→ WHAT THIS TASK INVOLVES: Starting at the top of the entries, restate word for word each line up to and including the one with "Kp_VDCreg = 4".

→ STORED DATA:
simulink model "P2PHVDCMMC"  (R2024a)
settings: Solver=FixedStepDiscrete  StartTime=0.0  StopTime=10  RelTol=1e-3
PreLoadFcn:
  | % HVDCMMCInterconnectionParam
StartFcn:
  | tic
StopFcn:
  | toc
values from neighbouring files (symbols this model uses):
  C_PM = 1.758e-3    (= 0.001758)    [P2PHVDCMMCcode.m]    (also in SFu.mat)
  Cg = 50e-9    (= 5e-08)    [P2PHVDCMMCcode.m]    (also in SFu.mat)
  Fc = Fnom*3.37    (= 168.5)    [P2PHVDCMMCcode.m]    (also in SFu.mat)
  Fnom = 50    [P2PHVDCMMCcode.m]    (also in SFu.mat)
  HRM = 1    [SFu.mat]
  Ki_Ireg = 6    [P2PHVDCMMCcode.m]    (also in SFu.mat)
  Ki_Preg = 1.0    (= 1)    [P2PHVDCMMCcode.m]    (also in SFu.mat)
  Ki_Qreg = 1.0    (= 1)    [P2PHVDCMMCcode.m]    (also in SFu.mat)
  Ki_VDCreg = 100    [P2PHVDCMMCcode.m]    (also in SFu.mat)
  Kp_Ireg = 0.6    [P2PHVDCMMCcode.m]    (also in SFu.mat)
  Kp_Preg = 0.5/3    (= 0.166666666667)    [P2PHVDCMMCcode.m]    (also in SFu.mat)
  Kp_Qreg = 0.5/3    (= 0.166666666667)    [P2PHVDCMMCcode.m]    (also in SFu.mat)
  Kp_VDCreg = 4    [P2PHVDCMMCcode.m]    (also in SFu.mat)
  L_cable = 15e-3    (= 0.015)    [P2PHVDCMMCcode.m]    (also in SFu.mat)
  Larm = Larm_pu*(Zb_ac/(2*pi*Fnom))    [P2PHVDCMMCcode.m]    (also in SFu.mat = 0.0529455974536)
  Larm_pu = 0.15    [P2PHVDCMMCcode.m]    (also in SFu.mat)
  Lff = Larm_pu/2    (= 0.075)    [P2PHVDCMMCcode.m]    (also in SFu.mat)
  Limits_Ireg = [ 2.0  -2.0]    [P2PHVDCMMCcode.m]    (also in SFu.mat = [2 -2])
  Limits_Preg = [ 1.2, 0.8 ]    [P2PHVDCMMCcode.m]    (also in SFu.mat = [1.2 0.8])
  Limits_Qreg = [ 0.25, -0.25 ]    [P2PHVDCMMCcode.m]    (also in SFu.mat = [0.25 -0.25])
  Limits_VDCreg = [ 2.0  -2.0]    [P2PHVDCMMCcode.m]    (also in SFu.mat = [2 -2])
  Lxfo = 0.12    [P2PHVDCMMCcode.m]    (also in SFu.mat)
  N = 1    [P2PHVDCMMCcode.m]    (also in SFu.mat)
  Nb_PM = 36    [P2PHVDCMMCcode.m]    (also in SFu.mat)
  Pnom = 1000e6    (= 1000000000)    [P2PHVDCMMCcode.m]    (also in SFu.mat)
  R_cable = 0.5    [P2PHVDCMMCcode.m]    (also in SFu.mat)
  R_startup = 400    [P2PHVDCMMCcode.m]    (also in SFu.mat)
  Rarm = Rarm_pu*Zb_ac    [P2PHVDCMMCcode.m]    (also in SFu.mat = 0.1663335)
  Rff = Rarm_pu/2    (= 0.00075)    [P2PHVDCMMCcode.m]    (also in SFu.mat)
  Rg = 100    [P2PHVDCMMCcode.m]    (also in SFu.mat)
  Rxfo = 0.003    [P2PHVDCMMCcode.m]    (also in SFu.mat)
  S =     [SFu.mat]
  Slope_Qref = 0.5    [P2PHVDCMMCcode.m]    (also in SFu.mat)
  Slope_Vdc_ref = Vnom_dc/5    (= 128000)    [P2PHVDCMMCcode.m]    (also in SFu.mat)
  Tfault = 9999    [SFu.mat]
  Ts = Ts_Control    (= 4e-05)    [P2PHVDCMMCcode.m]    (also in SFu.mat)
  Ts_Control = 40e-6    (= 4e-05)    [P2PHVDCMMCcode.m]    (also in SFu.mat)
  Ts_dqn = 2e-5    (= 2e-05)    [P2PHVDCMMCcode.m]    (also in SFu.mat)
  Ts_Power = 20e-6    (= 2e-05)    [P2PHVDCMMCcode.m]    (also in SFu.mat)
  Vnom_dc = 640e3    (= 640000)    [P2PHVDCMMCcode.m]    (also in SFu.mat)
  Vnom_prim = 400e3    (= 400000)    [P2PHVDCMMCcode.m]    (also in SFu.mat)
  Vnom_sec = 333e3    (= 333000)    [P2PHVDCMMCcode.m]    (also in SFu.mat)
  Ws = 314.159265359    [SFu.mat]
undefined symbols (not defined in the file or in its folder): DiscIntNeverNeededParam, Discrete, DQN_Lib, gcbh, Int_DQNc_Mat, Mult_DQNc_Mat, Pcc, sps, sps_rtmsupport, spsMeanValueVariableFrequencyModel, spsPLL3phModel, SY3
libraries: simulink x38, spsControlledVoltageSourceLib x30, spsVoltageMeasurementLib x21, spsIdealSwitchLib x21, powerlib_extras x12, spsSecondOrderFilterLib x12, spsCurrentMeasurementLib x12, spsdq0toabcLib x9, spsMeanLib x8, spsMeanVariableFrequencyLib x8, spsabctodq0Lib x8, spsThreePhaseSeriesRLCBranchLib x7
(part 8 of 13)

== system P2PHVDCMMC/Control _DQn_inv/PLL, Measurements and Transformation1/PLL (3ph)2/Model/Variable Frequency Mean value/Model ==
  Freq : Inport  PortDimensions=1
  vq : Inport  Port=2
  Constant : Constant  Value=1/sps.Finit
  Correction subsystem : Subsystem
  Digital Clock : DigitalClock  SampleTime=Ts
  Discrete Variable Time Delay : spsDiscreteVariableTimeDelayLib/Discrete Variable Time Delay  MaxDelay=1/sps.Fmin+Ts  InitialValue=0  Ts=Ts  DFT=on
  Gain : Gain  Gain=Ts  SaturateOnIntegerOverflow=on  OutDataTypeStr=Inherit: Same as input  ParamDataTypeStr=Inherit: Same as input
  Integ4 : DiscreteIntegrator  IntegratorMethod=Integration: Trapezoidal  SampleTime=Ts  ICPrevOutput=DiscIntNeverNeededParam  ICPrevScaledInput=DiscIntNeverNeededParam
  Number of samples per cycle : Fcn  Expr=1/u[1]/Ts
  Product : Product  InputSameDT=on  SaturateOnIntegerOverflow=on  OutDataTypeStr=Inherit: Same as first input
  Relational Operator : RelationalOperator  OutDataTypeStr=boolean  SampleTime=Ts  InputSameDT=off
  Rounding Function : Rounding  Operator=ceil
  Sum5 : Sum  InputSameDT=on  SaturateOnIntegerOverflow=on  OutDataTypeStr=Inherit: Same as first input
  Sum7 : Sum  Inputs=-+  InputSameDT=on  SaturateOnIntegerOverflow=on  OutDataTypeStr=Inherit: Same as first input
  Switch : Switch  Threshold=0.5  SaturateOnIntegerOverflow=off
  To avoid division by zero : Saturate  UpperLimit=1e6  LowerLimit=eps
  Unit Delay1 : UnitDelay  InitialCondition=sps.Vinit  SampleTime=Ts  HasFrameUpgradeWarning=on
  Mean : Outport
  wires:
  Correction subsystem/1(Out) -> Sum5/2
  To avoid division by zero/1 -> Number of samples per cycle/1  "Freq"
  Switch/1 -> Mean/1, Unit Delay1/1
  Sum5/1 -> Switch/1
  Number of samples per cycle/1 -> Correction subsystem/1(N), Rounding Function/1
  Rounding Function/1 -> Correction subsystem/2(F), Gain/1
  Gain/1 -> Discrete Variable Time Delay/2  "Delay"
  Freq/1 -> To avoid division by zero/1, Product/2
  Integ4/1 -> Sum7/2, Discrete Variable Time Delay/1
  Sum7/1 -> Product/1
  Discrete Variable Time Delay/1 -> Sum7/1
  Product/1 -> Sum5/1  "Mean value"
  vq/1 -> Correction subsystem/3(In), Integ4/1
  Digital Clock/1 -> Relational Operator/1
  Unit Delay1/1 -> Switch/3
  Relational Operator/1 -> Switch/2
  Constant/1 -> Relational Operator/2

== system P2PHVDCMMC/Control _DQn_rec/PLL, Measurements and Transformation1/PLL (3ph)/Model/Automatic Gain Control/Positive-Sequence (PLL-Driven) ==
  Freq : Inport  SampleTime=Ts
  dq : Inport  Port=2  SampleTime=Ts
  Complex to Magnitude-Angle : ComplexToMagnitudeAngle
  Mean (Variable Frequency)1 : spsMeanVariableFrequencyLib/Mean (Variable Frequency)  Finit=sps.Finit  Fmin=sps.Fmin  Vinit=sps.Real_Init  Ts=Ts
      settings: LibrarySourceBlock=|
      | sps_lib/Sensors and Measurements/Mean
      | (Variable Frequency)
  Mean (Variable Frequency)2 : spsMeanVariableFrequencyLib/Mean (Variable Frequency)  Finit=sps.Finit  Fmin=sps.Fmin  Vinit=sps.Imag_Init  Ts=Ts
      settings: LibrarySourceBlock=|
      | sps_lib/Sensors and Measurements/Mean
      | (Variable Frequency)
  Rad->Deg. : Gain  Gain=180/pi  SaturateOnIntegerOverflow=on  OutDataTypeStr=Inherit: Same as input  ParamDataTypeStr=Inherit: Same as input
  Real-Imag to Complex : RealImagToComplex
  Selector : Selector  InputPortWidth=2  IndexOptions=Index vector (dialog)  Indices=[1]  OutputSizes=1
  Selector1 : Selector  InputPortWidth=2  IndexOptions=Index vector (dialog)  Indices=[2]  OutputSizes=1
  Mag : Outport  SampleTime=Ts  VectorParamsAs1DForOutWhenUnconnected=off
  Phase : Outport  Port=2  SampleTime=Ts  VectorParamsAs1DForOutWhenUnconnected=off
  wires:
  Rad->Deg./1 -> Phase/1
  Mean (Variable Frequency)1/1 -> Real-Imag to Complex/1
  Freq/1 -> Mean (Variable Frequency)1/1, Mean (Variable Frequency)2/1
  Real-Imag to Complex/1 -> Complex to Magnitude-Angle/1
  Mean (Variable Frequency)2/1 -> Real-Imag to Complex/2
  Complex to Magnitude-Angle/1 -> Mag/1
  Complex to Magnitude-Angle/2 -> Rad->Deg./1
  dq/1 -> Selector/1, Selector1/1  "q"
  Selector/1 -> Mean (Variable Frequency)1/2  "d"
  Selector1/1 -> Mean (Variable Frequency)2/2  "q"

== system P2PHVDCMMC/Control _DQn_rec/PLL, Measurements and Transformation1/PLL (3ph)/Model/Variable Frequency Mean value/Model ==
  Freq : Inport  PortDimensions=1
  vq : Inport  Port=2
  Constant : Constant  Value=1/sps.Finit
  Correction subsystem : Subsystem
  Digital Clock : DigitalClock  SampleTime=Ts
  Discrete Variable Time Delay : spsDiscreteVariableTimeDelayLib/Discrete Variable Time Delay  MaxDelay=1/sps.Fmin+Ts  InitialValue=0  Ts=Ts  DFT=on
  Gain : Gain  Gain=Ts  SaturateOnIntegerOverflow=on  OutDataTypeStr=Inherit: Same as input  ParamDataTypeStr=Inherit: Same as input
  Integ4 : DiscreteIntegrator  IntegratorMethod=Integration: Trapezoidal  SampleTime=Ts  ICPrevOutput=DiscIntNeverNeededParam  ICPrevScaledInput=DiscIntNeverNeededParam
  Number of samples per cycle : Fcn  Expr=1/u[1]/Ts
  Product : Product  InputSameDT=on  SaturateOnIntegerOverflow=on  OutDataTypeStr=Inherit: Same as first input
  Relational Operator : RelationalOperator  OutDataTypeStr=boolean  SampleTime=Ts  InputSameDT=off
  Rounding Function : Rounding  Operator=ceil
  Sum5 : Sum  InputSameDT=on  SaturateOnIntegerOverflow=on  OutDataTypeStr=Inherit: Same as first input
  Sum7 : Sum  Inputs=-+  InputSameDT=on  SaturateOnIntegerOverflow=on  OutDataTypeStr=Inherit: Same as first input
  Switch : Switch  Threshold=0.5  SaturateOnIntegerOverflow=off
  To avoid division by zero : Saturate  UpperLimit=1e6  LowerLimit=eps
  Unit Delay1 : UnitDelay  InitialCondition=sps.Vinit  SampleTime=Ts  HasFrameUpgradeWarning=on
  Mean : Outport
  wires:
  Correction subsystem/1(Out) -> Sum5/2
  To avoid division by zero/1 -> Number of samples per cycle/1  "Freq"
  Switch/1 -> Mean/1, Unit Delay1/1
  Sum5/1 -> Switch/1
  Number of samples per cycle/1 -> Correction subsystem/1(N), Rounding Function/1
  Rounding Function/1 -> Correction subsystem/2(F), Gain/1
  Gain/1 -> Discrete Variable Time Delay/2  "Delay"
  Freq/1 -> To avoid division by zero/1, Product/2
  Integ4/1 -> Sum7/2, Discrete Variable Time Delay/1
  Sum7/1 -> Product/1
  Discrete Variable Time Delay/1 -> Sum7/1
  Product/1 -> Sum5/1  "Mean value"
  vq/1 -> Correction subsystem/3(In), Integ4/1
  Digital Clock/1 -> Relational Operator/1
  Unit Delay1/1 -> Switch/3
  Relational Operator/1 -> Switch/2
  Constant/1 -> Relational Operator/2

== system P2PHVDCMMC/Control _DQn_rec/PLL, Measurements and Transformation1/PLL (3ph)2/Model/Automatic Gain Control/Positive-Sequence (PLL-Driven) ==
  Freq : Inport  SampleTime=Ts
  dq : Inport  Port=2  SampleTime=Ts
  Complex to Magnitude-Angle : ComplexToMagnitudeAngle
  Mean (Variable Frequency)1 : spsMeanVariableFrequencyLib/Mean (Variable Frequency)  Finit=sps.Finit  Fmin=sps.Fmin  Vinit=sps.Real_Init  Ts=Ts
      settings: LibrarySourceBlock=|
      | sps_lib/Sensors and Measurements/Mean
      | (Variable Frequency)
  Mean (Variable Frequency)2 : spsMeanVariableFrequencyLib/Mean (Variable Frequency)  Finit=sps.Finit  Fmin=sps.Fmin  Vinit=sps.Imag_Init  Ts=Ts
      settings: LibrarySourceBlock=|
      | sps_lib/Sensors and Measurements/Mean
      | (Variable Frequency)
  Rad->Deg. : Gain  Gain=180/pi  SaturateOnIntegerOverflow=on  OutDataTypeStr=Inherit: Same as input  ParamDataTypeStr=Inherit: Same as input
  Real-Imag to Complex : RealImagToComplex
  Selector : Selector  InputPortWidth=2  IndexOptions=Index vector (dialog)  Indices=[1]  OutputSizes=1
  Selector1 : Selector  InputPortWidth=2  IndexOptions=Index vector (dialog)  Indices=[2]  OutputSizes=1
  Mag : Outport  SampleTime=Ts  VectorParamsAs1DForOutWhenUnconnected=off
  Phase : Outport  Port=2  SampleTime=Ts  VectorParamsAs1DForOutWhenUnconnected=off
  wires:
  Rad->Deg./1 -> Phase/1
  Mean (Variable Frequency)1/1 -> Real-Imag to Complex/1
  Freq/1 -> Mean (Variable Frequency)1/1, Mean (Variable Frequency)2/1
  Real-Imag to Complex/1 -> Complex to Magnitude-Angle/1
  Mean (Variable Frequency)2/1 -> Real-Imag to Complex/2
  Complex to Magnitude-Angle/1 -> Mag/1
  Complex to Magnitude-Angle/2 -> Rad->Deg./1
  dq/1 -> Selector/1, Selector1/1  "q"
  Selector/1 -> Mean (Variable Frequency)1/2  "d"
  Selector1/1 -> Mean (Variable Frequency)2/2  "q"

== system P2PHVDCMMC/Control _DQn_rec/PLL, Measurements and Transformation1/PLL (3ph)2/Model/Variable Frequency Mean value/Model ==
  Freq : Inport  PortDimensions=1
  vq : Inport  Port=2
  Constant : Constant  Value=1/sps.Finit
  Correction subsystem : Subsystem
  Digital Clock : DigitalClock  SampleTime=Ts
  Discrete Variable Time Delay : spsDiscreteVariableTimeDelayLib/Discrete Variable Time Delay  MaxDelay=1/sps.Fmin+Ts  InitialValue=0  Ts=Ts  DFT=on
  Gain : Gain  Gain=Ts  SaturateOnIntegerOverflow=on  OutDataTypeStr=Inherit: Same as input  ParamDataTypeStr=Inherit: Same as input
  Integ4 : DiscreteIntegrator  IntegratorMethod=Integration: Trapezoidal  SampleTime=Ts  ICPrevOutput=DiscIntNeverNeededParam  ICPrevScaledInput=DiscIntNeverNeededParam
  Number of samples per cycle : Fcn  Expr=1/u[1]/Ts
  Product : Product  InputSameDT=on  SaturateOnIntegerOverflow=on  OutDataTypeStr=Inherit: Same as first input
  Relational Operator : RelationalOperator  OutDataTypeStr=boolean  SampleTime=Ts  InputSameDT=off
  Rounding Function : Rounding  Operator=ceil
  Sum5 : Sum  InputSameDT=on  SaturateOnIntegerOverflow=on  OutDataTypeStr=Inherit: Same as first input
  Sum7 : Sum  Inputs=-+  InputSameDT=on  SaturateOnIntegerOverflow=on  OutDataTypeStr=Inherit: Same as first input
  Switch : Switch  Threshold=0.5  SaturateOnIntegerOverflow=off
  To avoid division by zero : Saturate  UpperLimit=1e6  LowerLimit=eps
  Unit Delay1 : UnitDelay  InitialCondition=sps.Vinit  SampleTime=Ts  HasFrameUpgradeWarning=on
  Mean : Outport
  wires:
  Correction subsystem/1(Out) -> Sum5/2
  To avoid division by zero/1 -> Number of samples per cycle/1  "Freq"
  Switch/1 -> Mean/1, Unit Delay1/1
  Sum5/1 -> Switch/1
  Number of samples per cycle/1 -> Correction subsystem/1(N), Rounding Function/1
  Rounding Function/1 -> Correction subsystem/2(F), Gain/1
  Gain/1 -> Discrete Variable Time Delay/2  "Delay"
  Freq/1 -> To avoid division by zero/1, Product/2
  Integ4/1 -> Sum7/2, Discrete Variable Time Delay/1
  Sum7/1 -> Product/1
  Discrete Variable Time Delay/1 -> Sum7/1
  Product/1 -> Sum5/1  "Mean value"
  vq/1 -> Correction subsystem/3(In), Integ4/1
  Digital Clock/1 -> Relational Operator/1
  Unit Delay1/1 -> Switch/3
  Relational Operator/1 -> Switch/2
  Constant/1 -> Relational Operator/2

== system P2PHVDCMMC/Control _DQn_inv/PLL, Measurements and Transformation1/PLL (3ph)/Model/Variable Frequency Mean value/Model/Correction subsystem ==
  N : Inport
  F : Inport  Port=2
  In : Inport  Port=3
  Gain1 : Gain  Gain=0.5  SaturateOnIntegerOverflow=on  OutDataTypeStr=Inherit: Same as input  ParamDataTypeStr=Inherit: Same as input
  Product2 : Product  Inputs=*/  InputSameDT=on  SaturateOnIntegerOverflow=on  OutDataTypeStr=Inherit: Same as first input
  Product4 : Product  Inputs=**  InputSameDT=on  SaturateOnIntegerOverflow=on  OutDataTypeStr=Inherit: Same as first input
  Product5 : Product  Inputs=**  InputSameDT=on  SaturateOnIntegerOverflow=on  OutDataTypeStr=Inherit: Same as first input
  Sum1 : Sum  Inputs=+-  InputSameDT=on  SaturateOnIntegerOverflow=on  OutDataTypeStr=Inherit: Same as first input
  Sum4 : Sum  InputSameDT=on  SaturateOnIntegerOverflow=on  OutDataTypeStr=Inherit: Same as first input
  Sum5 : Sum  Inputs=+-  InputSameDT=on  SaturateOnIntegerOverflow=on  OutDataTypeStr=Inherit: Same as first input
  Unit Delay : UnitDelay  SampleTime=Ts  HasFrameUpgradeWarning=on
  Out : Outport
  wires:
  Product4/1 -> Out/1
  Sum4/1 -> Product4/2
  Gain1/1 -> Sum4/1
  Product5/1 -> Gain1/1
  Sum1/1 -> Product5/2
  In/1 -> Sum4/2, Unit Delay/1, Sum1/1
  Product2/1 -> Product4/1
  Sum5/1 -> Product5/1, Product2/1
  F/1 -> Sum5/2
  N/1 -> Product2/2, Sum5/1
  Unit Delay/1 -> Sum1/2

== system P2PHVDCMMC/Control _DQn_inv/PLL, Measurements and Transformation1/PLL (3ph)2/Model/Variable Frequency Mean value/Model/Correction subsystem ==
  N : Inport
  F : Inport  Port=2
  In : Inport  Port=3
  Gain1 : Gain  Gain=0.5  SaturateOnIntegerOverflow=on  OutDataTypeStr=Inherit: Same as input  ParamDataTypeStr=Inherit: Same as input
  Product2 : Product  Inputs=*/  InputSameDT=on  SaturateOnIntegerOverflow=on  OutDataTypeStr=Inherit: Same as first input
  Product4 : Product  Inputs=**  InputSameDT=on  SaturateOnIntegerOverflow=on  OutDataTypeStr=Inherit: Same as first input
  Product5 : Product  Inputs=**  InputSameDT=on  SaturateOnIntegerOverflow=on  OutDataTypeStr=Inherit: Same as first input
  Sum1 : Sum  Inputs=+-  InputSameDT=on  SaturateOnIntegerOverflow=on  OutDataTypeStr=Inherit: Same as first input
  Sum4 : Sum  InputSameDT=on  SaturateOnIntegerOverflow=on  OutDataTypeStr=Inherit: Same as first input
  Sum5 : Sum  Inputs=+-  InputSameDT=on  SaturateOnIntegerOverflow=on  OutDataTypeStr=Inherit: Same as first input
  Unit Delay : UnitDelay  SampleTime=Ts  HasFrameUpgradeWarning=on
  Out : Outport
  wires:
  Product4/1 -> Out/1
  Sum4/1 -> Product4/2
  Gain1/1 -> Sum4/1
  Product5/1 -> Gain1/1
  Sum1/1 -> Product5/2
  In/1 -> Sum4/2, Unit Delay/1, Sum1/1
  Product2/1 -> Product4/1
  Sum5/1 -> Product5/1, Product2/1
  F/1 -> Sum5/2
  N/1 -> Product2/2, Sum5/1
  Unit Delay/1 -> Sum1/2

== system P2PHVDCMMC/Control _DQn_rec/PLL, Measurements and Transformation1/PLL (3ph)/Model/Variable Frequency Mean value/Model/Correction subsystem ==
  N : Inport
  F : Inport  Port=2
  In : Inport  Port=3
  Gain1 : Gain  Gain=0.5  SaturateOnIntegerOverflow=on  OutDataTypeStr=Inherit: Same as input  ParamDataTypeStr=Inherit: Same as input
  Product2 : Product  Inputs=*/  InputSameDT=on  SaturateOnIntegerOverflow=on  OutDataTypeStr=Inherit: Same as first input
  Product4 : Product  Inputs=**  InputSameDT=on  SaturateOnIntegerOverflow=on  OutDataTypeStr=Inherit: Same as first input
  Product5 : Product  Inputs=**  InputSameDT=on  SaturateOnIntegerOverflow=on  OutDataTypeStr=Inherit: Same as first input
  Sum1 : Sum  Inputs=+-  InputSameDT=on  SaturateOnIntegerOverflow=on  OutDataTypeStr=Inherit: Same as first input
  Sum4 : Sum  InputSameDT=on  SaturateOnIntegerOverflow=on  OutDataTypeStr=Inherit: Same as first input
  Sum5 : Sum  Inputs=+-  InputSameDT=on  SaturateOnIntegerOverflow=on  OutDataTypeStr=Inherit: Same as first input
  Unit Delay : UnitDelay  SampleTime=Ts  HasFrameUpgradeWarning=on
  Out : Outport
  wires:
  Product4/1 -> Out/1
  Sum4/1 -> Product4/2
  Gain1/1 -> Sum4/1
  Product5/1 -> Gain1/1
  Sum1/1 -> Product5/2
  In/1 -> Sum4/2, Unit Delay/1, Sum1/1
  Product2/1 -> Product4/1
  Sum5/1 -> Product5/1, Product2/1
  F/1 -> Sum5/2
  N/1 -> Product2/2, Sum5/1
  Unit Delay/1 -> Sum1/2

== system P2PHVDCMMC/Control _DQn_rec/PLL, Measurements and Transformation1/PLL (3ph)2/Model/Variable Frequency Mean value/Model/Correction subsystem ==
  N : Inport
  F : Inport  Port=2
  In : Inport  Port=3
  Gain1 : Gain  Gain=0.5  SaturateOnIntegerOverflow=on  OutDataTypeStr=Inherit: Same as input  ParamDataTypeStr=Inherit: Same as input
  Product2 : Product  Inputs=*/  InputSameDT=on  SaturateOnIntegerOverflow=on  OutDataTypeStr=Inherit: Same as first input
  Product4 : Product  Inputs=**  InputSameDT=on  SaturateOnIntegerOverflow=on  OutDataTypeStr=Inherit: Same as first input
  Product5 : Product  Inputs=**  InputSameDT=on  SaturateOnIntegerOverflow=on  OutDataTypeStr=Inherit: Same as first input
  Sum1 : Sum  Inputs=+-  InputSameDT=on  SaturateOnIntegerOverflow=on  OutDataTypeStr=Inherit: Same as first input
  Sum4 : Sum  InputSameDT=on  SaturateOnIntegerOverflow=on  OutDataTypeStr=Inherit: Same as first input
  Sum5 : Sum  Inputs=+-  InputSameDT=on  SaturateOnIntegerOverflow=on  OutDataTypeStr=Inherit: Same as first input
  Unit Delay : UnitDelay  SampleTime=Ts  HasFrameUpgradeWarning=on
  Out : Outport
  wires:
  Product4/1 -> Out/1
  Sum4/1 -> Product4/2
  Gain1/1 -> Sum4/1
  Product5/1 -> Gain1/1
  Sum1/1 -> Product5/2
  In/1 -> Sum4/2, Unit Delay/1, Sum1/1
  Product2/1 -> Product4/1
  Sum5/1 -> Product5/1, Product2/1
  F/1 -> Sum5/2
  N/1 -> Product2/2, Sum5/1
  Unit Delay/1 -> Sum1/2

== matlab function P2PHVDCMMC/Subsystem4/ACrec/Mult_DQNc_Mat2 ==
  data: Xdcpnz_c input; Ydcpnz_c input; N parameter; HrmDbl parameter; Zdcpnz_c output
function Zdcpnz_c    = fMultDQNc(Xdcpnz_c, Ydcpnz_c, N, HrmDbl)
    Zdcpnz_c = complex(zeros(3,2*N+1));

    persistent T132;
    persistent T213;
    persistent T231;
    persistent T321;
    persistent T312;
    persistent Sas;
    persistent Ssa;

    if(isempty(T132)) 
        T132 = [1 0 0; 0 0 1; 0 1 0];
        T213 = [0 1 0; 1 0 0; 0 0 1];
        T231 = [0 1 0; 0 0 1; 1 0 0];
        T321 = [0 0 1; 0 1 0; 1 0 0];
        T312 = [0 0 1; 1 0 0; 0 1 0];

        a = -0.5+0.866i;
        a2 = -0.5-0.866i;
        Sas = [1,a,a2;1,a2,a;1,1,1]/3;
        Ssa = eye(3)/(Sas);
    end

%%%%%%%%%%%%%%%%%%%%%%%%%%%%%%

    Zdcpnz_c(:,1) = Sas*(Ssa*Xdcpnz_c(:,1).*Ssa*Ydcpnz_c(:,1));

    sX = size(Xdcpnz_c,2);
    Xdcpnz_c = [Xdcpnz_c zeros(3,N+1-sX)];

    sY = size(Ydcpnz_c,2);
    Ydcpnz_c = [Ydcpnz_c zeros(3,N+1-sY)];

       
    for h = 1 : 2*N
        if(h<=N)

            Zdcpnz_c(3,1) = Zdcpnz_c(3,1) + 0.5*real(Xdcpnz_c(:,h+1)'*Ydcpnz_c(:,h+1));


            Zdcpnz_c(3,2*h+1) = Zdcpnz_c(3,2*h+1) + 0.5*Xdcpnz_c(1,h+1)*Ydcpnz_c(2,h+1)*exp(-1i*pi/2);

→ RESPONSE AREA:
simulink model "P2PHVDCMMC"  (R2024a)
settings: Solver=FixedStepDiscrete  StartTime=0.0  StopTime=10  RelTol=1e-3
PreLoadFcn:
  | % HVDCMMCInterconnectionParam
StartFcn:
  | tic
StopFcn:
  | toc
values from neighbouring files (symbols this model uses):
  C_PM = 1.758e-3    (= 0.001758)    [P2PHVDCMMCcode.m]    (also in SFu.mat)
  Cg = 50e-9    (= 5e-08)    [P2PHVDCMMCcode.m]    (also in SFu.mat)
  Fc = Fnom*3.37    (= 168.5)    [P2PHVDCMMCcode.m]    (also in SFu.mat)
  Fnom = 50    [P2PHVDCMMCcode.m]    (also in SFu.mat)
  HRM = 1    [SFu.mat]
  Ki_Ireg = 6    [P2PHVDCMMCcode.m]    (also in SFu.mat)
  Ki_Preg = 1.0    (= 1)    [P2PHVDCMMCcode.m]    (also in SFu.mat)
  Ki_Qreg = 1.0    (= 1)    [P2PHVDCMMCcode.m]    (also in SFu.mat)
  Ki_VDCreg = 100    [P2PHVDCMMCcode.m]    (also in SFu.mat)
  Kp_Ireg = 0.6    [P2PHVDCMMCcode.m]    (also in SFu.mat)
  Kp_Preg = 0.5/3    (= 0.166666666667)    [P2PHVDCMMCcode.m]    (also in SFu.mat)
  Kp_Qreg = 0.5/3    (= 0.166666666667)    [P2PHVDCMMCcode.m]    (also in SFu.mat)
  Kp_VDCreg = 4    [P2PHVDCMMCcode.m]    (also in SFu.mat)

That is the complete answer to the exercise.